Belgium King regrets over the bloody colonial rule in Congo DR, apologizes



Belgium's King Philippe has expressed his "deepest regrets" to the Democratic Republic of Congo for his country's colonial abuses.

The reigning monarch made the comments in a letter to President Félix Tshisekedi on the 60th anniversary of DR Congo's independence.

Belgium controlled the central African country from the 19th Century until it won its independence in 1960.

Millions of Africans died during Belgium's bloody colonial rule.

There is a renewed focus on the European nation's history after the death of George Floyd in police custody in the US and the Black Lives Matter protests that followed.

In the 19th Century, European powers began seizing large swathes of Africa for colonial exploitation.

King Leopold II was granted personal control over huge areas around the Congo river basin - what would become known as the Congo Free State.

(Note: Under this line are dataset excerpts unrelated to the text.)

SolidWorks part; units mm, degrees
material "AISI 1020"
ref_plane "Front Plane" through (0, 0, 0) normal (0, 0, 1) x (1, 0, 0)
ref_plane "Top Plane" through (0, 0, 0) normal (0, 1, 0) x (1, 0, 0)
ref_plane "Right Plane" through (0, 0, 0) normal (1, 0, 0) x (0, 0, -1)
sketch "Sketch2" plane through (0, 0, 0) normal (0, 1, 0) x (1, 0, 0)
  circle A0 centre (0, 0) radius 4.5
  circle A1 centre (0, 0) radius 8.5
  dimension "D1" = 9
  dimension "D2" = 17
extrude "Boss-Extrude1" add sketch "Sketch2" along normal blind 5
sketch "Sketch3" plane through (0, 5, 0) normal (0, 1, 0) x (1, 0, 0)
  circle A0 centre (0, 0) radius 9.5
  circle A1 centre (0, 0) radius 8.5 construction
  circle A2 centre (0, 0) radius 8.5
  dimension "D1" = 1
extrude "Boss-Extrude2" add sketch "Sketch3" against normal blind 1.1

The country lasted from 1885 to 1908. During this period more than 10 million Africans are thought to have died of disease, colonial abuses, and while working on plantations for the king.

Authorities would chop off the limbs of enslaved people when they did not meet quotas of materials such as rubber demanded by the crown.

Conditions became so terrible other countries exposed and condemned the atrocities. King Leopold II gave up direct control in 1908, and Belgium formally annexed the country, renaming it the Belgian Congo.

Colonisers continued to use Africans as wage labour and tried to turn it into a "model colony". Widespread resistance eventually led to the nation winning its independence in 1960.